What are the key differences in structural and functional properties between YidC from C. muridarum and other bacterial species?

While the search results don't provide specific structural information about C. muridarum YidC, we can infer likely differences based on general principles of YidC conservation and variation across bacterial species:

Conserved core structure: The membrane-integrated core of YidC typically forms a helical bundle arranged like the vertices of a pentagon, in the order 4-5-3-2-6 (clockwise) when viewed from the cytoplasm . This pentagonal arrangement of five transmembrane domains is likely conserved in C. muridarum YidC, as it represents the functional core of the protein.

Helical paddle domain: A distinctive feature of E. coli YidC is the helical hairpin (termed the "helical paddle domain" or HPD) between transmembrane segments 2 and 3 that extends to the cytoplasmic membrane surface . The base of this domain is structurally constrained by contacts with TM3, while its tip is more mobile and appears to interact with lipid headgroups . Variation in this domain between species may influence substrate specificity.

Species-specific adaptations: Different bacterial species often show adaptations in their YidC proteins that reflect their ecological niches and membrane compositions. For C. muridarum, as an obligate intracellular pathogen, its YidC may have evolved specific features to handle membrane proteins required for host cell invasion and intracellular survival.
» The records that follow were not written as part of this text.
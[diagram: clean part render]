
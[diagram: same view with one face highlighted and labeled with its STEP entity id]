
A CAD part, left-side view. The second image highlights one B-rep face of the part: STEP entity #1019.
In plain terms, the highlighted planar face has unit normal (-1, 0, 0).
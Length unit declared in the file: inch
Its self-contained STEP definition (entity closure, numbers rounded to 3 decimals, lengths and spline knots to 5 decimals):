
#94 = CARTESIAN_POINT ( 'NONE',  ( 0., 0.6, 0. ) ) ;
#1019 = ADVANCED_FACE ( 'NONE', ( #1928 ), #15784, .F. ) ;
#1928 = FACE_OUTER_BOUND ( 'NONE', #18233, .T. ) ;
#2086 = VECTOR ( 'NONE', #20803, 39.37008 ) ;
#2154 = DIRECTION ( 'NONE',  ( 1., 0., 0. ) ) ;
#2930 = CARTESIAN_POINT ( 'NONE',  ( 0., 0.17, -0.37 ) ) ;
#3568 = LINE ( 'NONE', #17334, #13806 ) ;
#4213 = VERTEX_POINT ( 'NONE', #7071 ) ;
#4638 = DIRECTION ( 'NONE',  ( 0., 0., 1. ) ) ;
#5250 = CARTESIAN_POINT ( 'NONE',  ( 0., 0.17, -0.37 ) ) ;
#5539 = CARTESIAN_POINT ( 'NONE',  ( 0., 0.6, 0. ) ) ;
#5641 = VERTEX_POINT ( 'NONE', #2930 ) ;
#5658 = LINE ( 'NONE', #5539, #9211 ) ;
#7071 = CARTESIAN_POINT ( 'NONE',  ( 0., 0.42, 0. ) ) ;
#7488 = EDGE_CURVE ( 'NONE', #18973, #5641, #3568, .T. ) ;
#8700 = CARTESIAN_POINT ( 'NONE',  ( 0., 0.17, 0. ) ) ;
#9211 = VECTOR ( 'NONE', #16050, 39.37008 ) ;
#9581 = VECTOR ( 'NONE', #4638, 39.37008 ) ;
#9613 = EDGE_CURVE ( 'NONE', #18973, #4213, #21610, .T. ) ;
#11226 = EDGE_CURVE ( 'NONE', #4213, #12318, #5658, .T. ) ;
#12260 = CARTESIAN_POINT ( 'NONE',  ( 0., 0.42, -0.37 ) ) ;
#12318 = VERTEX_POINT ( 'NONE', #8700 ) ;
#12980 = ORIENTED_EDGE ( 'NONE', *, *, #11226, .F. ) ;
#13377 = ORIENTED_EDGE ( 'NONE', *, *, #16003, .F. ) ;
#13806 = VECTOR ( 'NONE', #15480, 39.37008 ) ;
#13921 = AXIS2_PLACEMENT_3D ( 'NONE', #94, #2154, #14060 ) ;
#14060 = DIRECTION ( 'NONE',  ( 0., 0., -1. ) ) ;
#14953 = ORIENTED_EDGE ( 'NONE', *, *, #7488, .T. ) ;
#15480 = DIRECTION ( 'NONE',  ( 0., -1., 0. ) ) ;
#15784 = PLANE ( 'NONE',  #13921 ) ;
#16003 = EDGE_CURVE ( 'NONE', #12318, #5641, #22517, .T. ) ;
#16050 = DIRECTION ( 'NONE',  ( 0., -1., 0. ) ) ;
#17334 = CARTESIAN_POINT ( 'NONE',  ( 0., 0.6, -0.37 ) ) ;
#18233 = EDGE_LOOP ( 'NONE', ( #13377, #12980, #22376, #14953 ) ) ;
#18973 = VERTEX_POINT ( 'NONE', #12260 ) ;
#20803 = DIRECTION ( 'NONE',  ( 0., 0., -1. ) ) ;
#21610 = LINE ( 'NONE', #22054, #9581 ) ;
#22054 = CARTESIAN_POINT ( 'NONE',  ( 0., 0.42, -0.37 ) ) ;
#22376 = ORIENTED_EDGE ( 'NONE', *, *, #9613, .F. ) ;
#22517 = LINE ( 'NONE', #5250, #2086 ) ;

Interaction with accessory factors: YidC proteins from different species vary in their interactions with accessory factors. As an obligate intracellular pathogen with a reduced genome, C. muridarum may have evolved a streamlined insertion machinery with potentially fewer interacting partners compared to free-living bacteria.

Substrate specificity: The substrate range of YidC varies between bacterial species. C. muridarum YidC is likely specialized for the insertion of membrane proteins involved in its unique pathogenic lifestyle, potentially including proteins involved in avoiding host immune detection or facilitating intracellular replication.